10 agosto 2011

Verano de 2011

Está resultando un año francamente extraño. Sigo con mis disquisiciones mentales sobre la estupidez humana, los valores de la amistad y un millar de cosas más. Supongo que va por temporadas, hay épocas en las que estoy efusiva y feliz y otras en las que tengo ganas de tirarme por un puente. Qué le vamos a hacer...

Este verano no ha sido una excepción, mucho movimiento pero poca socialización. La situación actual de amistades alejadas no ayuda. Al final nos fuimos a las Ex Mundis, las jornadas roleras almerienses por excelencia, y no lo pasamos mal, pero me quedé con esa sensación de extraño vacío por dentro, esa sensación de que esto ya no es lo mismo que antes, de que ya no soy la misma persona.

El viaje a Asturias fue un remanso de paz, un tiempo para pensar hacia dónde estamos yendo exactamente. Pero se acabó pronto. Al menos esta vez pude ver el mar, aunque fuese poco tiempo.

La vuelta a Mordor, como siempre, dura, más porque me tocaba trabajar y todo el tema de las obras. Sí, estamos de obras en casa, como si no tuviésemos bastantes cosas que hacer, nos hemos metido a levantar todo el baño y está llevando más tiempo de lo que esperabamos. Bueno, sólo puedo pensar en lo chulo que va quedar porque ahora todo lo que hay son problemas.

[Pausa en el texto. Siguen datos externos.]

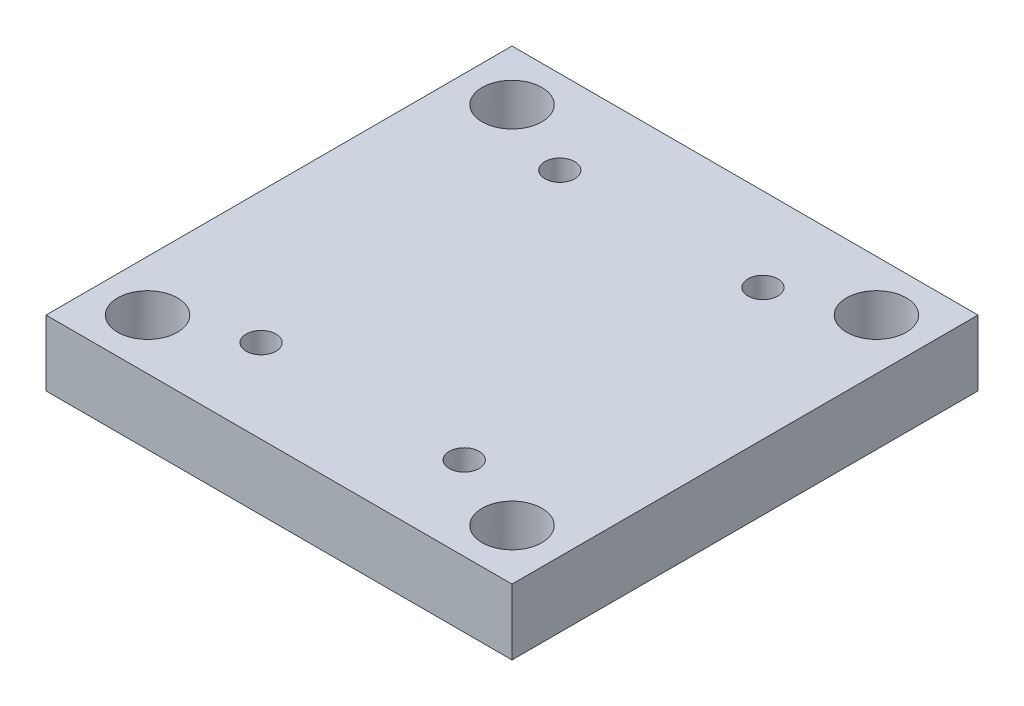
from build123d import *

# Parameters (mm, degrees)
ESBO_O1_W       = 156
ESBO_O1_H       = 156
EXTRUS_O1_DEPTH = 22
ESBO_O2_R       = 10
EXTRUS_O2_DEPTH = 113.481109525
ESBO_O3_R       = 12.5
EXTRUS_O3_DEPTH = 6
ESBO_O4_R       = 5
EXTRUS_O4_DEPTH = 113.481109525


with BuildPart() as part:
    # Esbo_o1 → Extrus_o1 (new body)
    with BuildSketch(Plane(origin=(0, 0, 0), x_dir=(1, 0, 0), z_dir=(0, 1, 0))):
        Rectangle(ESBO_O1_W, ESBO_O1_H)
    extrude(amount=EXTRUS_O1_DEPTH)

    # Esbo_o2 → Extrus_o2 (cut, through all)
    with BuildSketch(Plane(origin=(0, 22, 0), x_dir=(1, 0, 0), z_dir=(0, 1, 0))):
        with Locations(Location((61, -61, 0), (0, 0, 270))):
            Circle(ESBO_O2_R)
        with Locations(Location((-61, -61, 0), (0, 0, 270))):
            Circle(ESBO_O2_R)
        with Locations(Location((-61, 61, 0), (0, 0, 270))):
            Circle(ESBO_O2_R)
        with Locations(Location((61, 61, 0), (0, 0, 270))):
            Circle(ESBO_O2_R)
    extrude(amount=-EXTRUS_O2_DEPTH, mode=Mode.SUBTRACT)

    # Esbo_o3 → Extrus_o3 (cut)
    with BuildSketch(Plane.XZ):
        with Locations(Location((61, 61, 0), (0, 0, 270))):
            Circle(ESBO_O3_R)
        with Locations(Location((-61, 61, 0), (0, 0, 270))):
            Circle(ESBO_O3_R)
        with Locations(Location((-61, -61, 0), (0, 0, 270))):
            Circle(ESBO_O3_R)
        with Locations(Location((61, -61, 0), (0, 0, 270))):
            Circle(ESBO_O3_R)
    extrude(amount=-EXTRUS_O3_DEPTH, mode=Mode.SUBTRACT)

    # Esbo_o4 → Extrus_o4 (cut, through all)
    with BuildSketch(Plane.XZ):
        with Locations(Location((34, -50, 0), (0, 0, 270))):
            Circle(ESBO_O4_R)
        with Locations(Location((-34, -50, 0), (0, 0, 270))):
            Circle(ESBO_O4_R)
        with Locations(Location((34, 50, 0), (0, 0, 270))):
            Circle(ESBO_O4_R)
        with Locations(Location((-34, 50, 0), (0, 0, 270))):
            Circle(ESBO_O4_R)
    extrude(amount=-EXTRUS_O4_DEPTH, mode=Mode.SUBTRACT)


solid = part.part
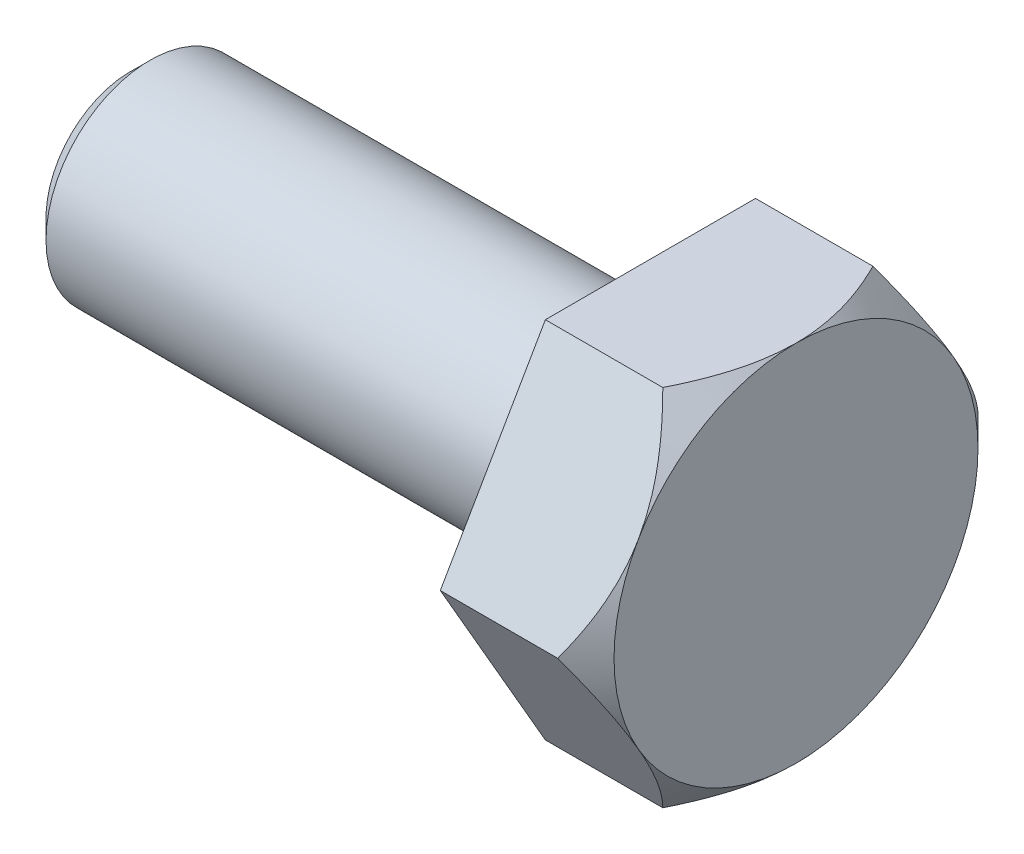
from build123d import *

# Parameters (mm, degrees)
CHANFREIN_TIGE_SIZE     = 0.375
ENL_V_MAT_EXTRU_1_REACH = 16.797
ESQUISSE2_R             = 5.25
ESQUISSE3_OUTSIDE_W     = 19.418
ESQUISSE3_OUTSIDE_H     = 18.336
ESQUISSE3_OUTSIDE_R     = 3.5
ENL_V_MAT_EXTRU_2_DEPTH = 3
ENL_V_MAT_EXTRU_2_DRAFT = -45


with BuildPart() as part:
    # Esquisse1 → Base-R_volution (revolve)
    with BuildSketch(Plane.XY, mode=Mode.PRIVATE) as base_r_volution_sk:
        Polygon((0, -2), (0, -5.25), (2.8, -5.25), (2.8, 0), (-10, 0), (-10, -2), align=None)
    revolve(base_r_volution_sk.sketch.rotate(Axis((12.49963034, 0, 0), (-1, 0, 0)), 270), axis=Axis((12.49963034, 0, 0), (-1, 0, 0)))

    # Chanfrein tige
    chanfrein_tige_edges = [part.edges().sort_by_distance(p)[0] for p in [
        (-10, 0, 2),
    ]]
    chamfer(chanfrein_tige_edges, length=CHANFREIN_TIGE_SIZE)

    # Esquisse2 → Enl_v. mat.-Extru.1 (cut, up to next)
    with BuildSketch(Plane(origin=(2.8, 0, 0), x_dir=(0, 0, -1), z_dir=(1, 0, 0)), mode=Mode.PRIVATE) as enl_v_mat_extru_1_sk1:
        Circle(ESQUISSE2_R)
        Polygon((4.041451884, 0), (2.020725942, 3.5), (-2.020725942, 3.5), (-4.041451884, 0), (-2.020725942, -3.5), (2.020725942, -3.5), align=None, mode=Mode.SUBTRACT)
    enl_v_mat_extru_1_tool1 = extrude(enl_v_mat_extru_1_sk1.sketch, amount=-ENL_V_MAT_EXTRU_1_REACH, mode=Mode.PRIVATE) & part.part
    add(enl_v_mat_extru_1_tool1.solids().sort_by_distance((2.8, 0, 5.101508))[0], mode=Mode.SUBTRACT)


with BuildPart() as enl_v_mat_extru_2_tool:
    # Esquisse3 outside → Enl_v. mat.-Extru.2 (with draft: the straight prism first)
    with BuildSketch(Plane(origin=(2.8, 0, 0), x_dir=(0, 0, -1), z_dir=(1, 0, 0))):
        Rectangle(ESQUISSE3_OUTSIDE_W, ESQUISSE3_OUTSIDE_H)
        Circle(ESQUISSE3_OUTSIDE_R, mode=Mode.SUBTRACT)
    extrude(amount=-ENL_V_MAT_EXTRU_2_DEPTH)
    # Enl_v. mat.-Extru.2: the draft: its side faces are tilted about the plane it starts from
    enl_v_mat_extru_2_sides = [enl_v_mat_extru_2_tool.faces().sort_by_distance(p)[0] for p in [
        (1.3, -9.168, 0),
        (1.3, 0, -9.709),
        (1.3, 9.168, 0),
        (1.3, 0, 9.709),
        (1.3, 0, 3.5),
    ]]
    draft(enl_v_mat_extru_2_sides, Plane(origin=(2.8, 0, 0), x_dir=(0, 0, -1), z_dir=(1, 0, 0)), ENL_V_MAT_EXTRU_2_DRAFT)


with BuildPart() as part_1:
    add(part.part)

    # Enl_v. mat.-Extru.2: cut by enl_v_mat_extru_2_tool
    add(enl_v_mat_extru_2_tool.part, mode=Mode.SUBTRACT)


solid = part_1.part

La semana que viene volvemos a tener unos días libres que supongo que aprovecharemos para acabar de rematar lo del baño, comprar cosillas y dejar la casa más o menos decente, que va siendo hora. Al menos así no pienso tanto en que la gente que tenía a mi alrededor se ha distanciado por razones estúpidas.

Cada vez me quedan menos personas en las que apoyarme cuando paso un mal rato. Supongo que es verdad el dicho, lo que no te mata te hace más fuerte; esto no me matará y además me ayudará a depender menos de los demás. Hay que valerse por uno mismo.